The plaintiff's final challenge is an assertion that the administrative law judge "fail[ed] to undertake an adequate Step 4 analysis[.]" Itemized Statement at 6. Specifically, she contends that the administrative law judge failed to "adequately determine the RFC required for Plaintiff's actual past occupations" and to "make a meaningful comparison between the current RFC and the RFC for [the] past relevant occupation." Id.
To support these contentions, the plaintiff relies primarily on an alleged lack of evidentiary support because "the ALJ did not obtain testimony from a vocational expert," and because the plaintiff "could [not] perform past relevant work as actually performed." Id. at 7. I have already rejected both of these arguments. I note also that, since the administrative law judge found only that the plaintiff could return to one of the three past jobs that she listed, medical receptionist or patient service representative, there could be no requirement that she consider the physical or mental demands of the other two jobs, patient service coordinator or office manager, contrary to the plaintiff's suggestion.
A Social Security Ruling cited by the plaintiff in support of this argument, id. at 6, provides that "[t]he claimant is the primary source for vocational documentation, and statements by the claimant regarding past work are generally sufficient for determining the skill level, exertional demands and nonexertional demands of such work." Social Security Ruling 82-62 ("SSR 82-62"), reprinted in West's Social Security Reporting Service Rulings 1975-1982, at 811. Here, the administrative law judge said only the following on this topic:
In comparing the claimant's residual functional capacity with the physical and mental demands of this work, the undersigned finds that the claimant was able to perform it as actually performed.
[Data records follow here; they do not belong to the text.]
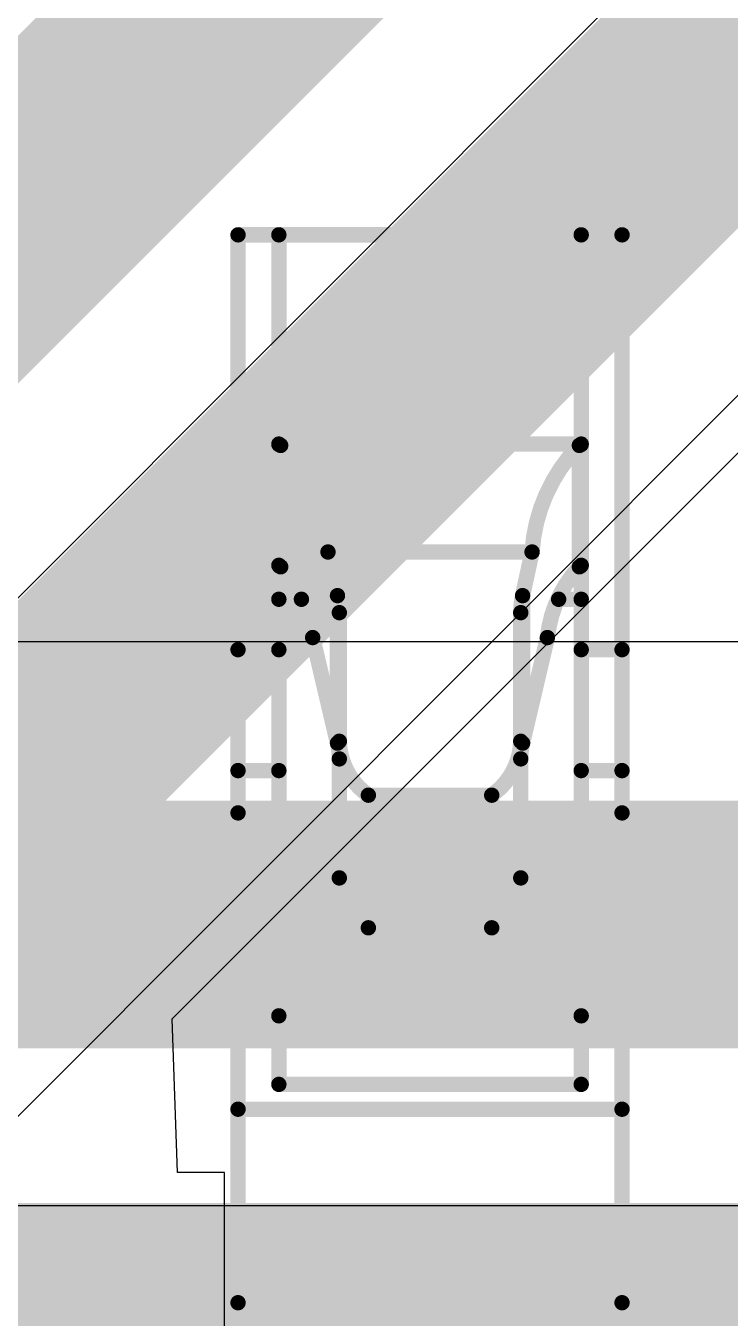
# Model space of a CAD drawing. Header units: inches. Extents: x -11 to 5433, y -4 to 5447.
# Drawn here: x 19.676 to 20.258, y 26.502 to 27.571 of the extents above; entities that cross this region are included whole.
import ezdxf

# ---------------------------------------------------------------- set-up
doc = ezdxf.new("R2010")
doc.units = ezdxf.units.IN
for name, color, linetype in [('Bottom Layer', 5, 'Continuous'), ('Bottom Solder', 6, 'Continuous'), ('Ground', 16, 'Continuous'), ('Mechanical 4', 56, 'Continuous'), ('Top Layer', 1, 'Continuous'), ('Top Solder', 216, 'Continuous')]:
    doc.layers.add(name, color=color, linetype=linetype)

# ---------------------------------------------------------------- blocks, each defined once
blk = doc.blocks.new('WQFN_30_EP_2_5_4_5__B_27')
at = {"layer": 'Bottom Solder'}
for p in [(-0.8183625999999999, 1.9033871), (-1.48833332, 1.66168832)]:
    blk.add_line(p, (-5421.1859699, -5425.6862022), dxfattribs=at)
blk = doc.blocks.new('QTH_030_01_L_D_A_K_TR_157')
at = {"layer": 'Top Solder'}
for points in [[(-5.00410099, 3.91260076), (-4.49590033, 3.91260076), (-4.49590033, 2.25940112), (-5.00410099, 2.25940112)], [(-4.50409945, 3.91260076), (-3.99589879, 3.91260076), (-3.99589879, 2.25940112), (-4.50409945, 2.25940112)]]:
    blk.add_hatch(color=216, dxfattribs=at).paths.add_polyline_path(points)

msp = doc.modelspace()

# ---------------------------------------------------------------- linework, layer by layer
at = {"layer": 'Bottom Layer'}
msp.add_lwpolyline([(18.6244738, 26.82674594, 0.2032, 0.2032, 0), (21.05724008, 26.82674594, 0.2032, 0.2032, 0)], format="xyseb", dxfattribs=at)
at = {"layer": 'Ground'}
for p, q in [((20.69328602, 27.0615029), (18.72048326, 27.0615029)), ((18.81702612, 26.59534686), (20.69328602, 26.59534686))]:
    msp.add_line(p, q, dxfattribs=at)
msp.add_lwpolyline([(18.72048326, 26.82842488, 0.2032, 0.2032, 0), (21.05891902, 26.82842488, 0.2032, 0.2032, 0)], format="xyseb", dxfattribs=at)
at = {"layer": 'Mechanical 4'}
for points in [[(19.8511541, 27.39794622, 0.0127, 0.0127, 0), (20.1686541, 27.39794622, 0.0127, 0.0127, 0)], [(19.8511541, 26.5149457, 0.0127, 0.0127, 0), (19.8511541, 27.39794622, 0.0127, 0.0127, 0)], [(19.88490562, 26.69548128, 0.0127, 0.0127, 0), (19.88490562, 27.39794622, 0.0127, 0.0127, 0)], [(20.13490512, 26.69548128, 0.0127, 0.0127, 0), (20.13490512, 27.39794622, 0.0127, 0.0127, 0)], [(20.1686541, 26.5149457, 0.0127, 0.0127, 0), (20.1686541, 27.39794622, 0.0127, 0.0127, 0)], [(19.8849996, 27.224609, 0.0127, 0.0127, -0.03260548546612536), (19.88490308, 27.22474616, 0.0127, 0.0127, 0)], [(19.88490562, 27.22494682, 0.0127, 0.0127, 0), (20.13490512, 27.22494682, 0.0127, 0.0127, 0)], [(19.88507072, 27.22453788, 0.0127, 0.0127, -0.02828759414715986), (19.88500214, 27.224609, 0.0127, 0.0127, 0)], [(19.8851647, 27.22445914, 0.0127, 0.0127, -0.02675080191404614), (19.88507072, 27.22453788, 0.0127, 0.0127, 0)], [(19.88528916, 27.22437278, 0.0127, 0.0127, -0.02199381127346228), (19.8851647, 27.22445914, 0.0127, 0.0127, 0)], [(19.8854568, 27.22427626, 0.0127, 0.0127, -0.01668692768507137), (19.88528916, 27.22437278, 0.0127, 0.0127, 0)], [(19.88566, 27.22416958, 0.0127, 0.0127, -0.00937556209611613), (19.88545426, 27.22427626, 0.0127, 0.0127, 0)], [(19.88589876, 27.22405528, 0.0127, 0.0127, -0.005205298975169417), (19.88566, 27.22416704, 0.0127, 0.0127, 0)], [(19.88589876, 27.22405528, 0.0127, 0.0127, 0), (19.8861553, 27.2239359, 0.0127, 0.0127, 0)], [(19.8861553, 27.2239359, 0.0127, 0.0127, 0), (19.88642454, 27.22381652, 0.0127, 0.0127, 0)], [(19.88642454, 27.12343572, 0.0127, 0.0127, 0), (19.88642454, 27.22381652, 0.0127, 0.0127, 0)], [(19.88642454, 27.22381652, 0.0127, 0.0127, -0.1798941776662689), (19.92553292, 27.13571154, 0.0127, 0.0127, 0)], [(20.09427782, 27.13571154, 0.0127, 0.0127, -0.1798941776662689), (20.1333862, 27.22381652, 0.0127, 0.0127, 0)], [(20.1333862, 27.22381652, 0.0127, 0.0127, 0), (20.13389674, 27.22405274, 0.0127, 0.0127, 0)], [(20.1333862, 27.12343572, 0.0127, 0.0127, 0), (20.1333862, 27.22381652, 0.0127, 0.0127, 0)], [(20.13389674, 27.22405274, 0.0127, 0.0127, 0), (20.13413296, 27.2241645, 0.0127, 0.0127, 0)], [(20.13434378, 27.22427118, 0.0127, 0.0127, -0.007070259497317684), (20.13413296, 27.2241645, 0.0127, 0.0127, 0)], [(20.13451904, 27.22437024, 0.0127, 0.0127, -0.01220881841204947), (20.13434124, 27.22427118, 0.0127, 0.0127, 0)], [(20.13466128, 27.22446168, 0.0127, 0.0127, -0.0226198298911619), (20.13452158, 27.22437024, 0.0127, 0.0127, 0)], [(20.1347578, 27.22454042, 0.0127, 0.0127, -0.03188108955064266), (20.13465874, 27.22446168, 0.0127, 0.0127, 0)], [(20.13482384, 27.22461408, 0.0127, 0.0127, -0.03744577963921606), (20.1347578, 27.22454042, 0.0127, 0.0127, 0)], [(20.13486956, 27.22468012, 0.0127, 0.0127, -0.03268866410183324), (20.13482384, 27.22461154, 0.0127, 0.0127, 0)], [(20.13490258, 27.22474616, 0.0127, 0.0127, -0.01323434472011505), (20.13486702, 27.22468012, 0.0127, 0.0127, 0)], [(19.92553292, 27.13571154, 0.0127, 0.0127, 0), (20.09427782, 27.13571154, 0.0127, 0.0127, 0)], [(19.92553292, 27.13571154, 0.0127, 0.0127, 0), (19.9333866, 27.0996156, 0.0127, 0.0127, 0)], [(20.08642414, 27.0996156, 0.0127, 0.0127, 0), (20.09427782, 27.13571154, 0.0127, 0.0127, 0)], [(19.88500214, 27.1244949, 0.0127, 0.0127, -0.02859692930615947), (19.88490308, 27.12467778, 0.0127, 0.0127, 0)], [(19.8851647, 27.12429678, 0.0127, 0.0127, -0.05432141864538105), (19.88500468, 27.12449744, 0.0127, 0.0127, 0)], [(19.88528916, 27.1241774, 0.0127, 0.0127, -0.02338615133847058), (19.8851647, 27.12429424, 0.0127, 0.0127, 0)], [(19.88545426, 27.12405294, 0.0127, 0.0127, -0.01856230604346185), (19.88528916, 27.12417994, 0.0127, 0.0127, 0)], [(19.88566, 27.12390816, 0.0127, 0.0127, -0.01073692506483744), (19.88545426, 27.1240504, 0.0127, 0.0127, 0)], [(19.88589876, 27.12375576, 0.0127, 0.0127, -0.006054831004054618), (19.88566254, 27.12390816, 0.0127, 0.0127, 0)], [(19.88589876, 27.1237583, 0.0127, 0.0127, 0), (19.8861553, 27.12359828, 0.0127, 0.0127, 0)], [(19.8861553, 27.12359828, 0.0127, 0.0127, 0), (19.88642454, 27.12343572, 0.0127, 0.0127, 0)], [(19.88642454, 27.12343826, 0.0127, 0.0127, -0.1625908253546253), (19.91286594, 27.0649446, 0.0127, 0.0127, 0)], [(20.1069448, 27.0649446, 0.0127, 0.0127, -0.1625908253546254), (20.1333862, 27.12343826, 0.0127, 0.0127, 0)], [(20.1333862, 27.12343572, 0.0127, 0.0127, 0), (20.13389674, 27.12375322, 0.0127, 0.0127, 0)], [(20.13413296, 27.12390308, 0.0127, 0.0127, -0.004820614325011623), (20.13389674, 27.12375322, 0.0127, 0.0127, 0)], [(20.13434124, 27.12404532, 0.0127, 0.0127, -0.008119958862644924), (20.13413042, 27.12390308, 0.0127, 0.0127, 0)], [(20.13451904, 27.12418248, 0.0127, 0.0127, -0.01372913847325838), (20.13434124, 27.12404786, 0.0127, 0.0127, 0)], [(20.13465874, 27.12429932, 0.0127, 0.0127, -0.02446216606505116), (20.13452158, 27.12417994, 0.0127, 0.0127, 0)], [(20.1347578, 27.124406, 0.0127, 0.0127, -0.03231853515624934), (20.13465874, 27.12429932, 0.0127, 0.0127, 0)], [(20.13482384, 27.12450252, 0.0127, 0.0127, -0.03504147985208547), (20.1347578, 27.124406, 0.0127, 0.0127, 0)], [(20.13486956, 27.12459142, 0.0127, 0.0127, -0.0284044609485821), (20.13482384, 27.12450252, 0.0127, 0.0127, 0)], [(20.13490512, 27.12467524, 0.0127, 0.0127, -0.01102179283122189), (20.13486956, 27.12458888, 0.0127, 0.0127, 0)], [(19.88490562, 27.09661078, 0.0127, 0.0127, 0), (19.903567, 27.09661078, 0.0127, 0.0127, 0)], [(19.9333866, 26.9776575, 0.0127, 0.0127, 0), (19.9333866, 27.0996156, 0.0127, 0.0127, 0)], [(19.9333866, 27.0996156, 0.0127, 0.0127, -0.05365795323520316), (19.93490552, 27.085544, 0.0127, 0.0127, 0)], [(20.08490522, 27.085544, 0.0127, 0.0127, -0.05365795323520318), (20.08642414, 27.0996156, 0.0127, 0.0127, 0)], [(20.08642414, 26.9776575, 0.0127, 0.0127, 0), (20.08642414, 27.0996156, 0.0127, 0.0127, 0)], [(20.11624374, 27.09661078, 0.0127, 0.0127, 0), (20.13490512, 27.09661078, 0.0127, 0.0127, 0)], [(19.93490552, 26.86619468, 0.0127, 0.0127, 0), (19.93490552, 27.085544, 0.0127, 0.0127, 0)], [(20.08490522, 26.86619468, 0.0127, 0.0127, 0), (20.08490522, 27.085544, 0.0127, 0.0127, 0)], [(19.9128634, 27.06494714, 0.0127, 0.0127, 0), (19.9333866, 26.9776575, 0.0127, 0.0127, 0)], [(20.08642414, 26.9776575, 0.0127, 0.0127, 0), (20.1069448, 27.06494714, 0.0127, 0.0127, 0)], [(19.8511541, 27.05494462, 0.0127, 0.0127, 0), (19.88490562, 27.05494462, 0.0127, 0.0127, 0)], [(20.13490512, 27.05494462, 0.0127, 0.0127, 0), (20.1686541, 27.05494462, 0.0127, 0.0127, 0)], [(19.9333866, 26.9776575, 0.0127, 0.0127, -0.05786387190107989), (19.93490552, 26.96463492, 0.0127, 0.0127, 0)], [(19.9589136, 26.93460704, 0.0127, 0.0127, -0.2374801051855858), (19.93490552, 26.97917896, 0.0127, 0.0127, 0)], [(20.08490522, 26.97917896, 0.0127, 0.0127, -0.2374801051860468), (20.06089714, 26.93460704, 0.0127, 0.0127, 0)], [(20.08490522, 26.96463492, 0.0127, 0.0127, -0.05786387190151768), (20.08642414, 26.9776575, 0.0127, 0.0127, 0)], [(19.8511541, 26.95494482, 0.0127, 0.0127, 0), (19.88490562, 26.95494482, 0.0127, 0.0127, 0)], [(20.13490512, 26.95494482, 0.0127, 0.0127, 0), (20.1686541, 26.95494482, 0.0127, 0.0127, 0)], [(19.95891614, 26.93460704, 0.0127, 0.0127, 0), (20.0608946, 26.93460704, 0.0127, 0.0127, 0)], [(19.95891614, 26.82494508, 0.0127, 0.0127, 0), (19.95891614, 26.93460704, 0.0127, 0.0127, 0)], [(20.0608946, 26.82494508, 0.0127, 0.0127, 0), (20.0608946, 26.93460704, 0.0127, 0.0127, 0)], [(19.5336541, 26.91994615999999, 0.0127, 0.0127, 0), (19.8511541, 26.91994615999999, 0.0127, 0.0127, 0)], [(20.1686541, 26.91994615999999, 0.0127, 0.0127, 0), (20.4861541, 26.91994615999999, 0.0127, 0.0127, 0)], [(19.9589136, 26.82494762, 0.0127, 0.0127, -0.2473774779348601), (19.93490552, 26.86619722, 0.0127, 0.0127, 0)], [(20.08490522, 26.86619722, 0.0127, 0.0127, -0.2473774779353234), (20.06089714, 26.82494762, 0.0127, 0.0127, 0)], [(19.95891614, 26.82494508, 0.0127, 0.0127, 0), (20.0608946, 26.82494508, 0.0127, 0.0127, 0)], [(19.88490562, 26.75215376, 0.0127, 0.0127, 0), (20.13490512, 26.75215376, 0.0127, 0.0127, 0)], [(19.88490562, 26.69548128, 0.0127, 0.0127, 0), (20.13490512, 26.69548128, 0.0127, 0.0127, 0)], [(19.8511541, 26.67494538, 0.0127, 0.0127, 0), (20.1686541, 26.67494538, 0.0127, 0.0127, 0)], [(19.8511541, 26.5149457, 0.0127, 0.0127, 0), (20.1686541, 26.5149457, 0.0127, 0.0127, 0)]]:
    msp.add_lwpolyline(points, format="xyseb", dxfattribs=at)
for points in [[(19.8479791, 27.39794622, 0.00635, 0.00635, 1), (19.8543291, 27.39794622, 0.00635, 0.00635, 1)], [(19.8479791, 27.39794622, 0.00635, 0.00635, 1), (19.8543291, 27.39794622, 0.00635, 0.00635, 1)], [(19.88173062, 27.39794622, 0.00635, 0.00635, 1), (19.88808062, 27.39794622, 0.00635, 0.00635, 1)], [(20.13173012, 27.39794622, 0.00635, 0.00635, 1), (20.13808012, 27.39794622, 0.00635, 0.00635, 1)], [(20.1654791, 27.39794622, 0.00635, 0.00635, 1), (20.1718291, 27.39794622, 0.00635, 0.00635, 1)], [(20.1654791, 27.39794622, 0.00635, 0.00635, 1), (20.1718291, 27.39794622, 0.00635, 0.00635, 1)], [(19.88172808, 27.22474616, 0.00635, 0.00635, 1), (19.88807808, 27.22474616, 0.00635, 0.00635, 1)], [(19.88173062, 27.22494682, 0.00635, 0.00635, 1), (19.88808062, 27.22494682, 0.00635, 0.00635, 1)], [(19.8818246, 27.224609, 0.00635, 0.00635, 1), (19.8881746, 27.224609, 0.00635, 0.00635, 1)], [(19.88182714, 27.224609, 0.00635, 0.00635, 1), (19.88817714, 27.224609, 0.00635, 0.00635, 1)], [(19.88189572, 27.22453788, 0.00635, 0.00635, 1), (19.88824572, 27.22453788, 0.00635, 0.00635, 1)], [(19.88189572, 27.22453788, 0.00635, 0.00635, 1), (19.88824572, 27.22453788, 0.00635, 0.00635, 1)], [(19.8819897, 27.22445914, 0.00635, 0.00635, 1), (19.8883397, 27.22445914, 0.00635, 0.00635, 1)], [(19.8819897, 27.22445914, 0.00635, 0.00635, 1), (19.8883397, 27.22445914, 0.00635, 0.00635, 1)], [(19.88211416, 27.22437278, 0.00635, 0.00635, 1), (19.88846416, 27.22437278, 0.00635, 0.00635, 1)], [(19.88211416, 27.22437278, 0.00635, 0.00635, 1), (19.88846416, 27.22437278, 0.00635, 0.00635, 1)], [(19.88227926, 27.22427626, 0.00635, 0.00635, 1), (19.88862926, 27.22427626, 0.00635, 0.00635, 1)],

According to DOT: 237.367-038, this is a sedentary, semi-skilled job, which is within the claimant's light residual functional capacity.Record at 18-19.
This is not the specific comparison required by SSR 82-62, but the court's analysis does not stop with the identification of that error. As this court recently stated under similar factual circumstances:
[T]he plaintiff, who bears the burden of proof a Step 4, must demonstrate more than this error on this appeal; she must also show that the outcome of her claim would have been different if the error had not occurred.Knudsen v. Colvin, No. 2:14-cv-155-JHR, 2015 WL 1505689, at *8 (D. Me. Apr. 1, 2015). The plaintiff in the instant case has made no attempt to make that showing. She is, therefore, not entitled to remand on this basis.
II. Conclusion
For the foregoing reasons, the commissioner's decision is AFFIRMED.
Dated this 20th day of November, 2015.